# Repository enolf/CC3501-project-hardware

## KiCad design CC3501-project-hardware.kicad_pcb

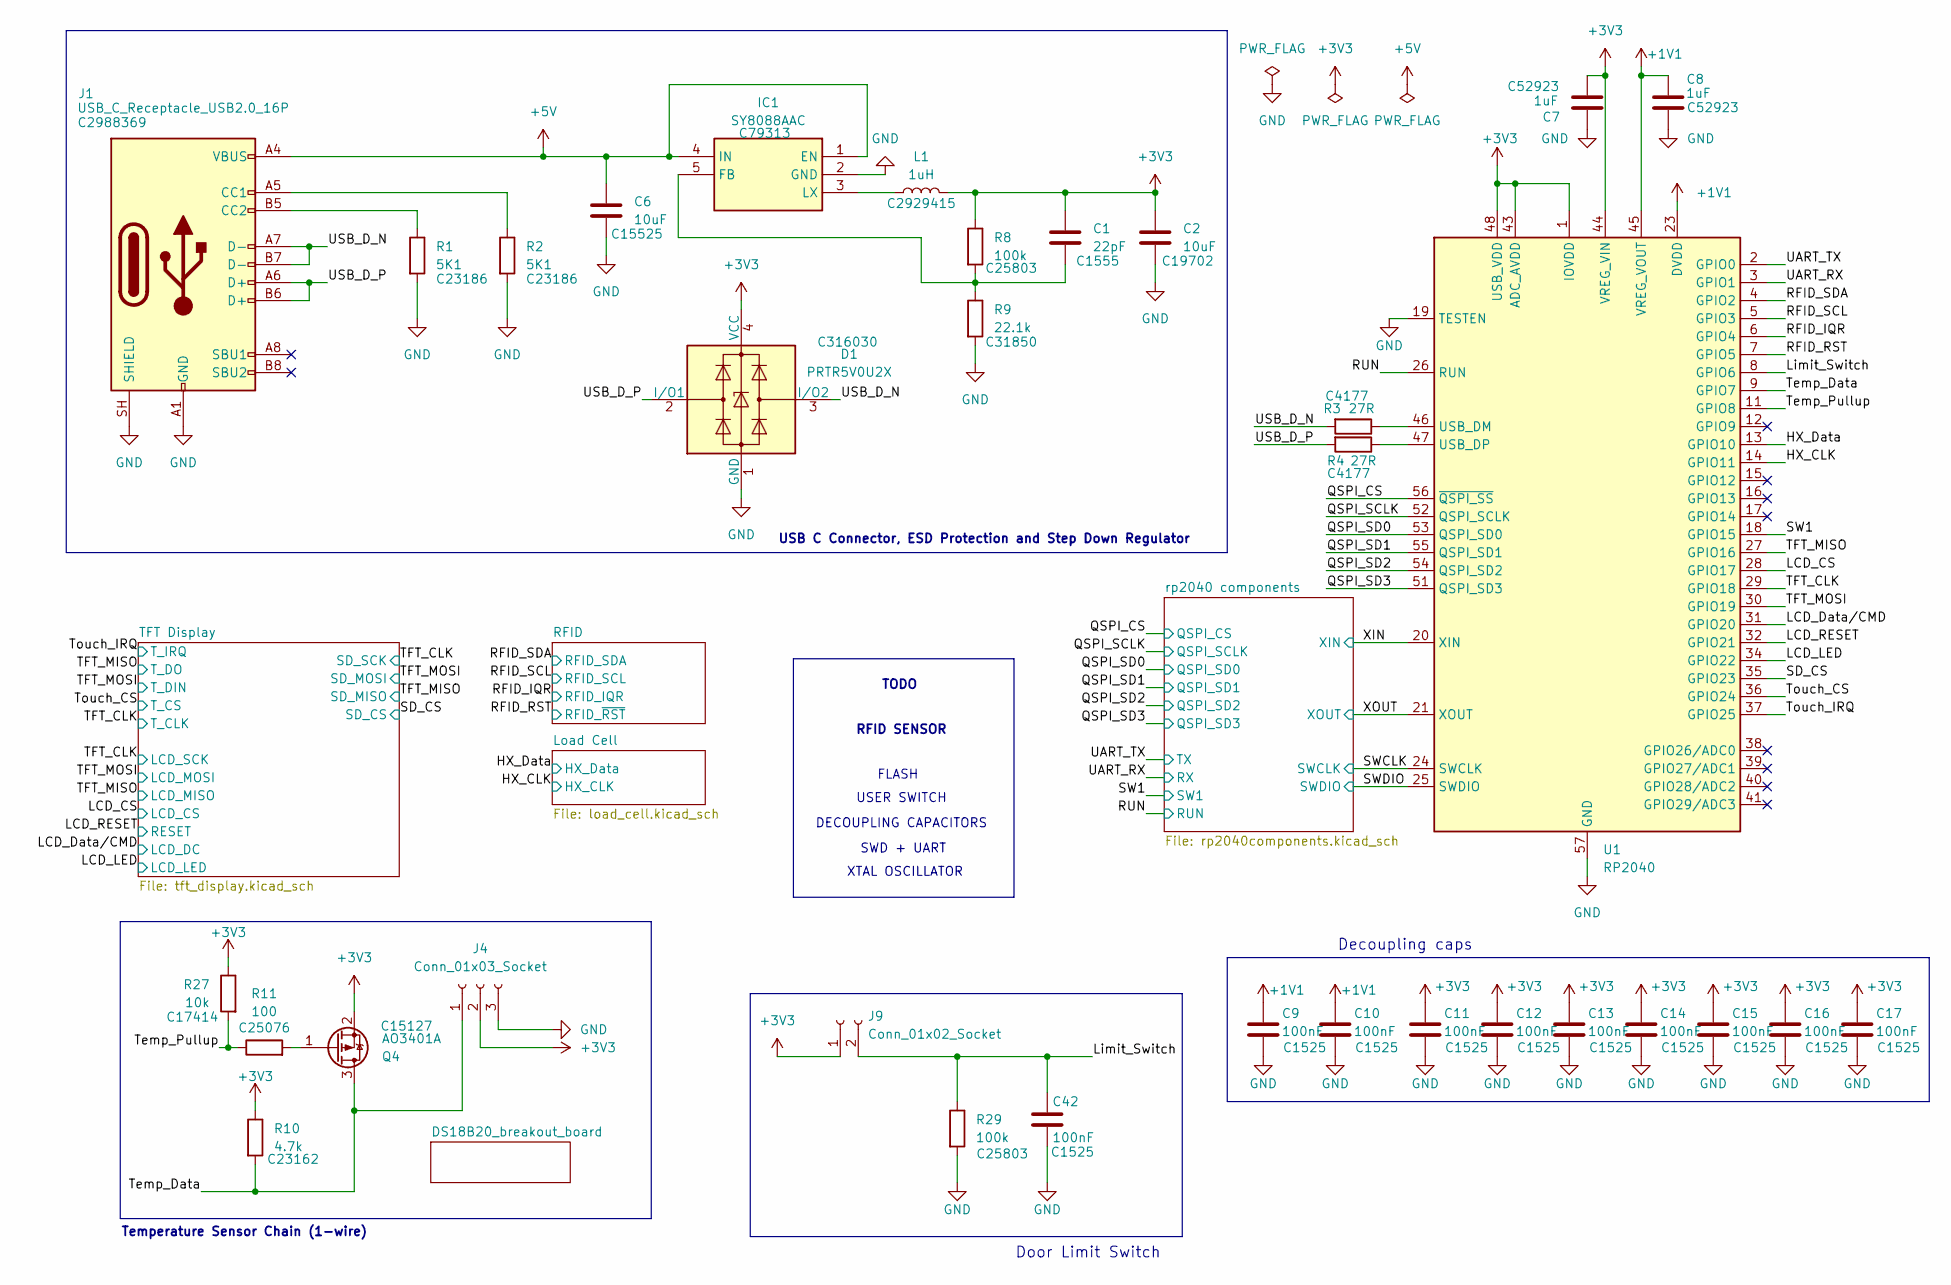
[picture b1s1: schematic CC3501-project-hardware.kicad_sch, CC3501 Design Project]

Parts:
C1: 22pF; C_0402_1005Metric; LCSC PN C1555
C2: 10uF; C_0603_1608Metric; LCSC PN C19702
C6: 10uF; C_0402_1005Metric; LCSC PN C15525
C7, C8: 1uF; C_0402_1005Metric; LCSC PN C52923
C9, C10, C11, C12, C13, C14, C15, C16, C17, C42: 100nF; C_0402_1005Metric; LCSC PN C1525
D1: PRTR5V0U2X; SOT-143; LCSC PN C316030
IC1: SY8088AAC; SOT95P285X140-5N; Manufacturer_Part_Number SY8088AAC
J1: USB_C_Receptacle_USB2.0_16P; USB_C_Receptacle_G-Switch_GT-USB-7010ASV; LCSC PN C2988369
J4: Conn_01x03_Socket; PinHeader_1x03_P2.54mm_Vertical
J9: Conn_01x02_Socket; PinHeader_1x02_P2.54mm_Vertical
L1: 1uH; IND-SMD_L4.5-W4.0; LCSC PN C2929415
Q4: AO3401A; SOT-23; LCSC PN C15127
R1, R2: 5K1; R_0201_0603Metric; LCSC PN C23186
R3, R4: 27R; R_0603_1608Metric; LCSC PN C4177
R8, R29: 100k; R_0603_1608Metric; LCSC PN C25803
R9: 22.1k; R_0603_1608Metric; LCSC PN C31850
R10: 4.7k; R_0603_1608Metric; LCSC PN C23162
R11: 100; R_0402_1005Metric; LCSC PN C25076
R27: 10k; R_0805_2012Metric; LCSC PN C17414
U1: RP2040; QFN-56-1EP_7x7mm_P0.4mm_EP3.2x3.2mm; LCSC PN C2040

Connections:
+1V1: C8.2, C9.1, C10.1, U1.23 (DVDD), U1.45 (VREG_VOUT), U1.50 (DVDD)
+5V: C6.1, IC1.1 (EN), IC1.4 (IN), J1.A4 (VBUS), J1.A9 (VBUS), J1.B4 (VBUS), J1.B9 (VBUS); also elsewhere on the board
/HX_CLK: U1.14 (GPIO11); also elsewhere on the board
/HX_Data: U1.13 (GPIO10); also elsewhere on the board
/LCD_CS: U1.28 (GPIO17); also elsewhere on the board
/LCD_Data/CMD: U1.31 (GPIO20); also elsewhere on the board
/LCD_LED: U1.34 (GPIO22); also elsewhere on the board
/LCD_RESET: U1.32 (GPIO21); also elsewhere on the board
/Limit_Switch: C42.1, J9.2, R29.1, U1.8 (GPIO6)
/QSPI_CS: U1.56 (~QSPI_SS); also elsewhere on the board
/QSPI_SCLK: U1.52 (QSPI_SCLK); also elsewhere on the board
/QSPI_SD0: U1.53 (QSPI_SD0); also elsewhere on the board
/QSPI_SD1: U1.55 (QSPI_SD1); also elsewhere on the board
/QSPI_SD2: U1.54 (QSPI_SD2); also elsewhere on the board
/QSPI_SD3: U1.51 (QSPI_SD3); also elsewhere on the board
/RFID_IQR: U1.6 (GPIO4); also elsewhere on the board
/RFID_RST: U1.7 (GPIO5); also elsewhere on the board
/RFID_SCL: U1.5 (GPIO3); also elsewhere on the board
/RFID_SDA: U1.4 (GPIO2); also elsewhere on the board
/RUN: U1.26 (RUN); also elsewhere on the board
/SD_CS: U1.35 (GPIO23); also elsewhere on the board
/SW1: U1.18 (GPIO15); also elsewhere on the board
/SWCLK: U1.24 (SWCLK); also elsewhere on the board
/SWDIO: U1.25 (SWDIO); also elsewhere on the board
/TFT_CLK: U1.29 (GPIO18); also elsewhere on the board
/TFT_MISO: U1.27 (GPIO16); also elsewhere on the board
/TFT_MOSI: U1.30 (GPIO19); also elsewhere on the board
/Temp_Data: J4.1, Q4.3 (D), R10.2, U1.9 (GPIO7)
/Temp_Pullup: R11.1, R27.2, U1.11 (GPIO8)
/Touch_CS: U1.36 (GPIO24); also elsewhere on the board
/Touch_IRQ: U1.37 (GPIO25); also elsewhere on the board
/USB_D_N: D1.3 (I/O2), J1.A7 (D-), J1.B7 (D-), R3.2
/USB_D_P: D1.2 (I/O1), J1.A6 (D+), J1.B6 (D+), R4.2
/XIN: U1.20 (XIN); also elsewhere on the board
/XOUT: U1.21 (XOUT); also elsewhere on the board
GND: C2.2, C6.2, C7.1, C8.1, C9.2, C10.2, C11.2, C12.2, C13.2, C14.2, C15.2, C16.2, C17.2, C42.2, D1.1 (GND), IC1.2 (GND), J1.A1 (GND), J1.A12 (GND), J1.B1 (GND), J1.B12 (GND), J1.SH (SHIELD), J4.3, R1.2, R2.2, R9.2, R29.2, U1.19 (TESTEN), U1.57 (GND); also elsewhere on the board
unnamed: C1.2, IC1.5 (FB), R8.2, R9.1
unnamed: IC1.3 (LX), L1.2
unnamed: J1.A5 (CC1), R2.1
unnamed: J1.B5 (CC2), R1.1
unnamed: Q4.1 (G), R11.2
unnamed: R3.1, U1.46 (USB_DM)
unnamed: R4.1, U1.47 (USB_DP)

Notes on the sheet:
TODO
FLASH
DECOUPLING CAPACITORS
Door Limit Switch
Decoupling caps
RFID SENSOR
SWD + UART
XTAL OSCILLATOR
USB C Connector, ESD Protection and Step Down Regulator
USER SWITCH
Temperature Sensor Chain (1-wire)

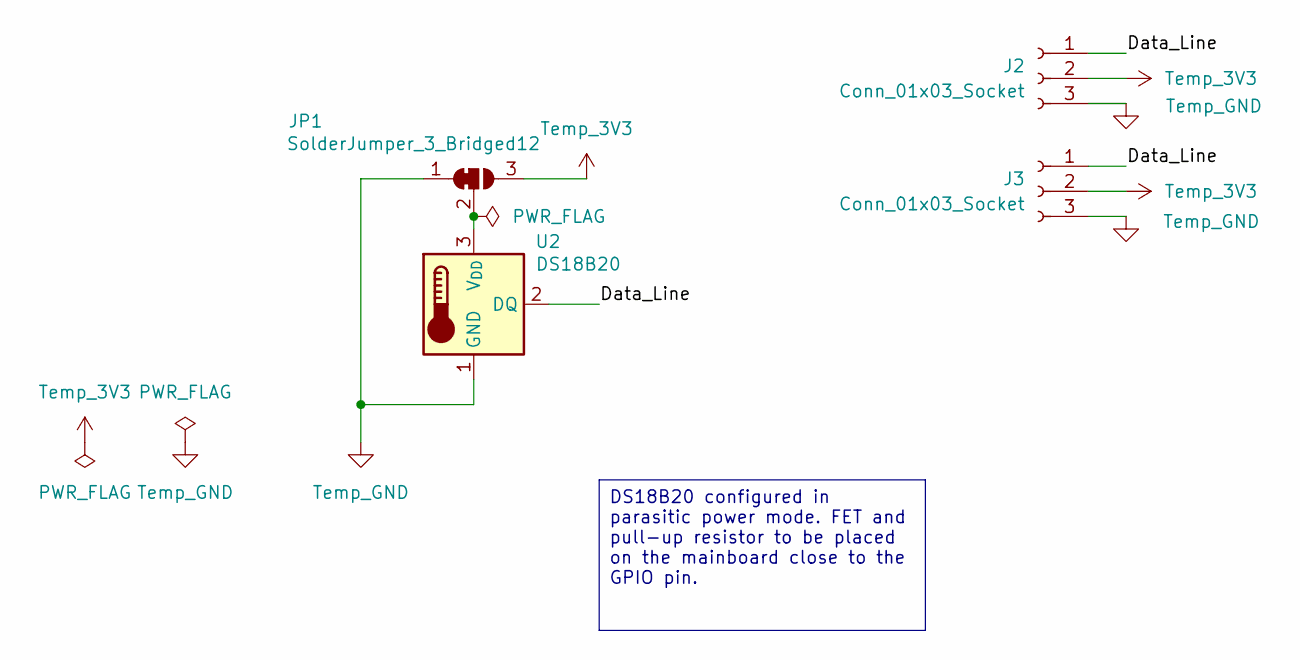
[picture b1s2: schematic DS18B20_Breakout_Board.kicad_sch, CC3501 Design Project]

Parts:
J2, J3: Conn_01x03_Socket; PinSocket_1x03_P2.54mm_Vertical
JP1: SolderJumper_3_Bridged12; SolderJumper-3_P1.3mm_Bridged12_RoundedPad1.0x1.5mm_NumberL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
U2: DS18B20; TO-92_Inline

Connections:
Temp_3V3: J2.2, J3.2, JP1.3 (B)

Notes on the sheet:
DS18B20 configured in parasitic power mode. FET and pull-up resistor to be placed on the mainboard close to the GPIO pin.

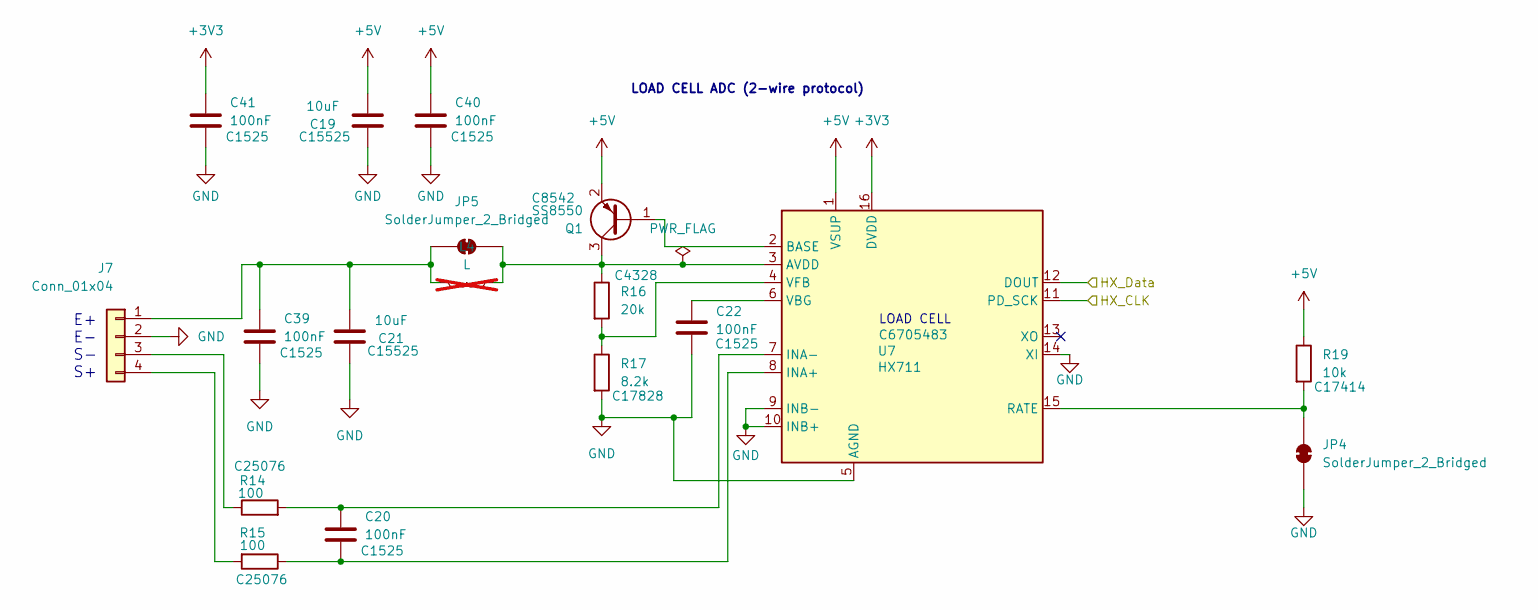
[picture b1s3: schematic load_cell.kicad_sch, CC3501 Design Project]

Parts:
C19, C21: 10uF; C_0402_1005Metric; LCSC PN C15525
C20, C22, C39, C40, C41: 100nF; C_0402_1005Metric; LCSC PN C1525
J7: Conn_01x04; PinHeader_1x04_P2.54mm_Vertical
JP4, JP5: SolderJumper_2_Bridged; SolderJumper-2_P1.3mm_Bridged2Bar_RoundedPad1.0x1.5mm
L4: L; L_Axial_L11.0mm_D4.5mm_P15.24mm_Horizontal_Fastron_MECC; not fitted
Q1: SS8550; SOT-23; LCSC PN C8542
R14, R15: 100; R_0402_1005Metric; LCSC PN C25076
R16: 20k; R_0805_2012Metric; LCSC PN C4328
R17: 8.2k; R_0805_2012Metric; LCSC PN C17828
R19: 10k; R_0805_2012Metric; LCSC PN C17414
U7: HX711; SOIC-16_3.9x9.9mm_P1.27mm; LCSC PN C6705483

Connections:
+5V: C19.2, C40.1, Q1.2 (E), R19.1, U7.1 (VSUP); also elsewhere on the board
/HX_CLK: U7.11 (PD_SCK); also elsewhere on the board
/HX_Data: U7.12 (DOUT); also elsewhere on the board
GND: C19.1, C21.1, C22.2, C39.2, C40.2, C41.2, J7.2, JP4.1 (A), R17.2, U7.5 (AGND), U7.9 (INB-), U7.10 (INB+), U7.14 (XI); also elsewhere on the board
unnamed: C21.2, C39.1, J7.1, JP5.2 (B), L4.1
unnamed: J7.3, R14.1
unnamed: J7.4, R15.2
unnamed: JP4.2 (B), R19.2, U7.15 (RATE)
unnamed: JP5.1 (A), L4.2, Q1.3 (C), R16.1, U7.3 (AVDD)
unnamed: Q1.1 (B), U7.2 (BASE)
unnamed: C20.2, R15.1, U7.8 (INA+)
unnamed: C20.1, R14.2, U7.7 (INA-)
unnamed: C22.1, U7.6 (VBG)
unnamed: R16.2, R17.1, U7.4 (VFB)

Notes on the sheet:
E+ E- S- S+
LOAD CELL ADC (2-wire protocol)
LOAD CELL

########################################

What you need to do —
Restate only the lines running from the start of the material above through the line containing "C6: 10uF; C_0402_1005Metric; LCSC PN C15525", ends included. No pictures.

Result of this exercise —
# Repository enolf/CC3501-project-hardware

## KiCad design CC3501-project-hardware.kicad_pcb

[picture b1s1: schematic CC3501-project-hardware.kicad_sch, CC3501 Design Project]

Parts:
C1: 22pF; C_0402_1005Metric; LCSC PN C1555
C2: 10uF; C_0603_1608Metric; LCSC PN C19702
C6: 10uF; C_0402_1005Metric; LCSC PN C15525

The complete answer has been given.